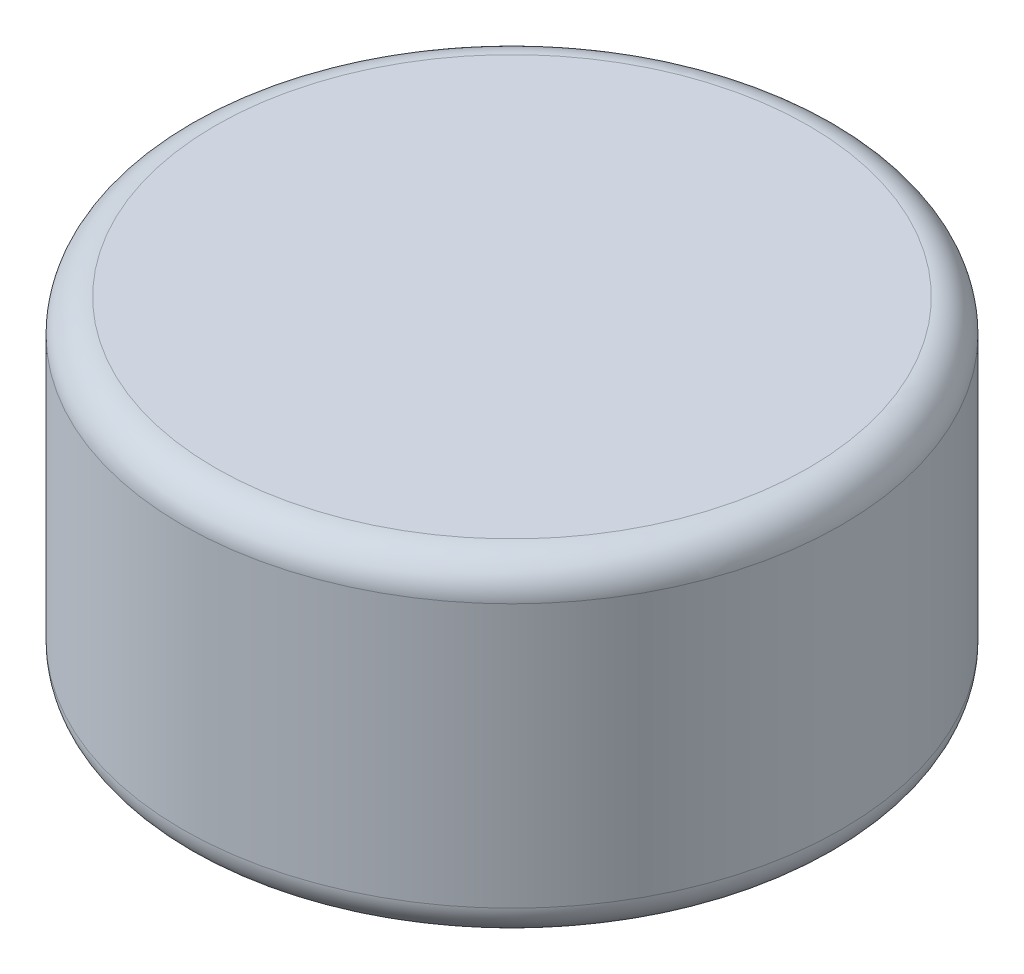
ISO-10303-21;
HEADER;
FILE_DESCRIPTION(('STEP AP214'),'2;1');
FILE_NAME('part.step','',(''),(''),'','','');
FILE_SCHEMA(('AUTOMOTIVE_DESIGN { 1 0 10303 214 1 1 1 1 }'));
ENDSEC;
DATA;
#1=APPLICATION_CONTEXT('core data for automotive mechanical design processes');
#2=APPLICATION_PROTOCOL_DEFINITION('international standard','automotive_design',2000,#1);
#3=PRODUCT_CONTEXT('',#1,'mechanical');
#4=PRODUCT('Part','Part','',(#3));
#5=PRODUCT_RELATED_PRODUCT_CATEGORY('part','',(#4));
#6=PRODUCT_DEFINITION_FORMATION('','',#4);
#7=PRODUCT_DEFINITION_CONTEXT('part definition',#1,'design');
#8=PRODUCT_DEFINITION('design','',#6,#7);
#9=PRODUCT_DEFINITION_SHAPE('','',#8);
#10=(LENGTH_UNIT() NAMED_UNIT(*) SI_UNIT(.MILLI.,.METRE.));
#11=(NAMED_UNIT(*) PLANE_ANGLE_UNIT() SI_UNIT($,.RADIAN.));
#12=(NAMED_UNIT(*) SI_UNIT($,.STERADIAN.) SOLID_ANGLE_UNIT());
#13=UNCERTAINTY_MEASURE_WITH_UNIT(LENGTH_MEASURE(1.E-05),#10,'distance_accuracy_value','');
#14=(GEOMETRIC_REPRESENTATION_CONTEXT(3) GLOBAL_UNCERTAINTY_ASSIGNED_CONTEXT((#13)) GLOBAL_UNIT_ASSIGNED_CONTEXT((#10,
#11,#12)) REPRESENTATION_CONTEXT('',''));
#15=CARTESIAN_POINT('',(0.,0.,0.));
#16=DIRECTION('',(0.,0.,1.));
#17=DIRECTION('',(1.,0.,0.));
#18=AXIS2_PLACEMENT_3D('',#15,#16,#17);
#19=CARTESIAN_POINT('',(0.,1.,0.));
#20=DIRECTION('',(0.,-1.,0.));
#21=DIRECTION('',(0.,0.,-1.));
#22=AXIS2_PLACEMENT_3D('',#19,#20,#21);
#23=CYLINDRICAL_SURFACE('',#22,2.);
#24=CARTESIAN_POINT('',(0.,-0.8,0.));
#25=DIRECTION('',(0.,1.,0.));
#26=DIRECTION('',(0.,0.,1.));
#27=AXIS2_PLACEMENT_3D('',#24,#25,#26);
#28=CIRCLE('',#27,2.);
#29=CARTESIAN_POINT('',(0.,-0.8,2.));
#30=VERTEX_POINT('',#29);
#31=EDGE_CURVE('E45',#30,#30,#28,.T.);
#32=ORIENTED_EDGE('',*,*,#31,.T.);
#33=EDGE_LOOP('',(#32));
#34=FACE_BOUND('',#33,.T.);
#35=CARTESIAN_POINT('',(0.,0.8,0.));
#36=DIRECTION('',(0.,1.,0.));
#37=DIRECTION('',(0.,0.,1.));
#38=AXIS2_PLACEMENT_3D('',#35,#36,#37);
#39=CIRCLE('',#38,2.);
#40=CARTESIAN_POINT('',(0.,0.8,2.));
#41=VERTEX_POINT('',#40);
#42=EDGE_CURVE('E49',#41,#41,#39,.F.);
#43=ORIENTED_EDGE('',*,*,#42,.T.);
#44=EDGE_LOOP('',(#43));
#45=FACE_BOUND('',#44,.T.);
#46=ADVANCED_FACE('F34',(#34,#45),#23,.T.);
#47=CARTESIAN_POINT('',(0.,1.,0.));
#48=DIRECTION('',(0.,1.,0.));
#49=DIRECTION('',(0.,0.,1.));
#50=AXIS2_PLACEMENT_3D('',#47,#48,#49);
#51=PLANE('',#50);
#52=CARTESIAN_POINT('',(0.,1.,0.));
#53=DIRECTION('',(0.,1.,0.));
#54=DIRECTION('',(0.,0.,1.));
#55=AXIS2_PLACEMENT_3D('',#52,#53,#54);
#56=CIRCLE('',#55,1.8);
#57=CARTESIAN_POINT('',(0.,1.,1.8));
#58=VERTEX_POINT('',#57);
#59=EDGE_CURVE('E10',#58,#58,#56,.T.);
#60=ORIENTED_EDGE('',*,*,#59,.T.);
#61=EDGE_LOOP('',(#60));
#62=FACE_BOUND('',#61,.T.);
#63=ADVANCED_FACE('F65',(#62),#51,.T.);
#64=CARTESIAN_POINT('',(0.,-1.,0.));
#65=DIRECTION('',(0.,1.,0.));
#66=DIRECTION('',(0.,0.,1.));
#67=AXIS2_PLACEMENT_3D('',#64,#65,#66);
#68=PLANE('',#67);
#69=CARTESIAN_POINT('',(0.,-1.,0.));
#70=DIRECTION('',(0.,1.,0.));
#71=DIRECTION('',(0.,0.,1.));
#72=AXIS2_PLACEMENT_3D('',#69,#70,#71);
#73=CIRCLE('',#72,1.8);
#74=CARTESIAN_POINT('',(0.,-1.,1.8));
#75=VERTEX_POINT('',#74);
#76=EDGE_CURVE('E41',#75,#75,#73,.F.);
#77=ORIENTED_EDGE('',*,*,#76,.T.);
#78=EDGE_LOOP('',(#77));
#79=FACE_BOUND('',#78,.T.);
#80=ADVANCED_FACE('F62',(#79),#68,.F.);
#81=CARTESIAN_POINT('',(0.,-0.8,0.));
#82=DIRECTION('',(0.,1.,0.));
#83=DIRECTION('',(0.,0.,1.));
#84=AXIS2_PLACEMENT_3D('',#81,#82,#83);
#85=TOROIDAL_SURFACE('',#84,1.8,0.2);
#86=ORIENTED_EDGE('',*,*,#76,.F.);
#87=EDGE_LOOP('',(#86));
#88=FACE_BOUND('',#87,.T.);
#89=ORIENTED_EDGE('',*,*,#31,.F.);
#90=EDGE_LOOP('',(#89));
#91=FACE_BOUND('',#90,.T.);
#92=ADVANCED_FACE('F58',(#88,#91),#85,.T.);
#93=CARTESIAN_POINT('',(0.,0.8,0.));
#94=DIRECTION('',(0.,1.,0.));
#95=DIRECTION('',(0.,0.,1.));
#96=AXIS2_PLACEMENT_3D('',#93,#94,#95);
#97=TOROIDAL_SURFACE('',#96,1.8,0.2);
#98=ORIENTED_EDGE('',*,*,#42,.F.);
#99=EDGE_LOOP('',(#98));
#100=FACE_BOUND('',#99,.T.);
#101=ORIENTED_EDGE('',*,*,#59,.F.);
#102=EDGE_LOOP('',(#101));
#103=FACE_BOUND('',#102,.T.);
#104=ADVANCED_FACE('F36',(#100,#103),#97,.T.);
#105=CLOSED_SHELL('',(#46,#63,#80,#92,#104));
#106=MANIFOLD_SOLID_BREP('B2',#105);
#107=ADVANCED_BREP_SHAPE_REPRESENTATION('',(#18,#106),#14);
#108=SHAPE_DEFINITION_REPRESENTATION(#9,#107);
ENDSEC;
END-ISO-10303-21;

=====

▸ WORK TO COMPLETE:
Give back every line of the material above word for word, leaving out the pictures.

▸ RESPONSE AREA:
ISO-10303-21;
HEADER;
FILE_DESCRIPTION(('STEP AP214'),'2;1');
FILE_NAME('part.step','',(''),(''),'','','');
FILE_SCHEMA(('AUTOMOTIVE_DESIGN { 1 0 10303 214 1 1 1 1 }'));
ENDSEC;
DATA;
#1=APPLICATION_CONTEXT('core data for automotive mechanical design processes');
#2=APPLICATION_PROTOCOL_DEFINITION('international standard','automotive_design',2000,#1);
#3=PRODUCT_CONTEXT('',#1,'mechanical');
#4=PRODUCT('Part','Part','',(#3));
#5=PRODUCT_RELATED_PRODUCT_CATEGORY('part','',(#4));
#6=PRODUCT_DEFINITION_FORMATION('','',#4);
#7=PRODUCT_DEFINITION_CONTEXT('part definition',#1,'design');
#8=PRODUCT_DEFINITION('design','',#6,#7);
#9=PRODUCT_DEFINITION_SHAPE('','',#8);
#10=(LENGTH_UNIT() NAMED_UNIT(*) SI_UNIT(.MILLI.,.METRE.));
#11=(NAMED_UNIT(*) PLANE_ANGLE_UNIT() SI_UNIT($,.RADIAN.));
#12=(NAMED_UNIT(*) SI_UNIT($,.STERADIAN.) SOLID_ANGLE_UNIT());
#13=UNCERTAINTY_MEASURE_WITH_UNIT(LENGTH_MEASURE(1.E-05),#10,'distance_accuracy_value','');
#14=(GEOMETRIC_REPRESENTATION_CONTEXT(3) GLOBAL_UNCERTAINTY_ASSIGNED_CONTEXT((#13)) GLOBAL_UNIT_ASSIGNED_CONTEXT((#10,
#11,#12)) REPRESENTATION_CONTEXT('',''));
#15=CARTESIAN_POINT('',(0.,0.,0.));
#16=DIRECTION('',(0.,0.,1.));
#17=DIRECTION('',(1.,0.,0.));
#18=AXIS2_PLACEMENT_3D('',#15,#16,#17);
#19=CARTESIAN_POINT('',(0.,1.,0.));
#20=DIRECTION('',(0.,-1.,0.));
#21=DIRECTION('',(0.,0.,-1.));
#22=AXIS2_PLACEMENT_3D('',#19,#20,#21);
#23=CYLINDRICAL_SURFACE('',#22,2.);
#24=CARTESIAN_POINT('',(0.,-0.8,0.));
#25=DIRECTION('',(0.,1.,0.));
#26=DIRECTION('',(0.,0.,1.));
#27=AXIS2_PLACEMENT_3D('',#24,#25,#26);
#28=CIRCLE('',#27,2.);
#29=CARTESIAN_POINT('',(0.,-0.8,2.));
#30=VERTEX_POINT('',#29);
#31=EDGE_CURVE('E45',#30,#30,#28,.T.);
#32=ORIENTED_EDGE('',*,*,#31,.T.);
#33=EDGE_LOOP('',(#32));
#34=FACE_BOUND('',#33,.T.);
#35=CARTESIAN_POINT('',(0.,0.8,0.));
#36=DIRECTION('',(0.,1.,0.));
#37=DIRECTION('',(0.,0.,1.));
#38=AXIS2_PLACEMENT_3D('',#35,#36,#37);
#39=CIRCLE('',#38,2.);
#40=CARTESIAN_POINT('',(0.,0.8,2.));
#41=VERTEX_POINT('',#40);
#42=EDGE_CURVE('E49',#41,#41,#39,.F.);
#43=ORIENTED_EDGE('',*,*,#42,.T.);
#44=EDGE_LOOP('',(#43));
#45=FACE_BOUND('',#44,.T.);
#46=ADVANCED_FACE('F34',(#34,#45),#23,.T.);
#47=CARTESIAN_POINT('',(0.,1.,0.));
#48=DIRECTION('',(0.,1.,0.));
#49=DIRECTION('',(0.,0.,1.));
#50=AXIS2_PLACEMENT_3D('',#47,#48,#49);
#51=PLANE('',#50);
#52=CARTESIAN_POINT('',(0.,1.,0.));
#53=DIRECTION('',(0.,1.,0.));
#54=DIRECTION('',(0.,0.,1.));
#55=AXIS2_PLACEMENT_3D('',#52,#53,#54);
#56=CIRCLE('',#55,1.8);
#57=CARTESIAN_POINT('',(0.,1.,1.8));
#58=VERTEX_POINT('',#57);
#59=EDGE_CURVE('E10',#58,#58,#56,.T.);
#60=ORIENTED_EDGE('',*,*,#59,.T.);
#61=EDGE_LOOP('',(#60));
#62=FACE_BOUND('',#61,.T.);
#63=ADVANCED_FACE('F65',(#62),#51,.T.);
#64=CARTESIAN_POINT('',(0.,-1.,0.));
#65=DIRECTION('',(0.,1.,0.));
#66=DIRECTION('',(0.,0.,1.));
#67=AXIS2_PLACEMENT_3D('',#64,#65,#66);
#68=PLANE('',#67);
#69=CARTESIAN_POINT('',(0.,-1.,0.));
#70=DIRECTION('',(0.,1.,0.));
#71=DIRECTION('',(0.,0.,1.));
#72=AXIS2_PLACEMENT_3D('',#69,#70,#71);
#73=CIRCLE('',#72,1.8);
#74=CARTESIAN_POINT('',(0.,-1.,1.8));
#75=VERTEX_POINT('',#74);
#76=EDGE_CURVE('E41',#75,#75,#73,.F.);
#77=ORIENTED_EDGE('',*,*,#76,.T.);
#78=EDGE_LOOP('',(#77));
#79=FACE_BOUND('',#78,.T.);
#80=ADVANCED_FACE('F62',(#79),#68,.F.);
#81=CARTESIAN_POINT('',(0.,-0.8,0.));
#82=DIRECTION('',(0.,1.,0.));
#83=DIRECTION('',(0.,0.,1.));
#84=AXIS2_PLACEMENT_3D('',#81,#82,#83);
#85=TOROIDAL_SURFACE('',#84,1.8,0.2);
#86=ORIENTED_EDGE('',*,*,#76,.F.);
#87=EDGE_LOOP('',(#86));
#88=FACE_BOUND('',#87,.T.);
#89=ORIENTED_EDGE('',*,*,#31,.F.);
#90=EDGE_LOOP('',(#89));
#91=FACE_BOUND('',#90,.T.);
#92=ADVANCED_FACE('F58',(#88,#91),#85,.T.);
#93=CARTESIAN_POINT('',(0.,0.8,0.));
#94=DIRECTION('',(0.,1.,0.));
#95=DIRECTION('',(0.,0.,1.));
#96=AXIS2_PLACEMENT_3D('',#93,#94,#95);
#97=TOROIDAL_SURFACE('',#96,1.8,0.2);
#98=ORIENTED_EDGE('',*,*,#42,.F.);
#99=EDGE_LOOP('',(#98));
#100=FACE_BOUND('',#99,.T.);
#101=ORIENTED_EDGE('',*,*,#59,.F.);
#102=EDGE_LOOP('',(#101));
#103=FACE_BOUND('',#102,.T.);
#104=ADVANCED_FACE('F36',(#100,#103),#97,.T.);
#105=CLOSED_SHELL('',(#46,#63,#80,#92,#104));
#106=MANIFOLD_SOLID_BREP('B2',#105);
#107=ADVANCED_BREP_SHAPE_REPRESENTATION('',(#18,#106),#14);
#108=SHAPE_DEFINITION_REPRESENTATION(#9,#107);
ENDSEC;
END-ISO-10303-21;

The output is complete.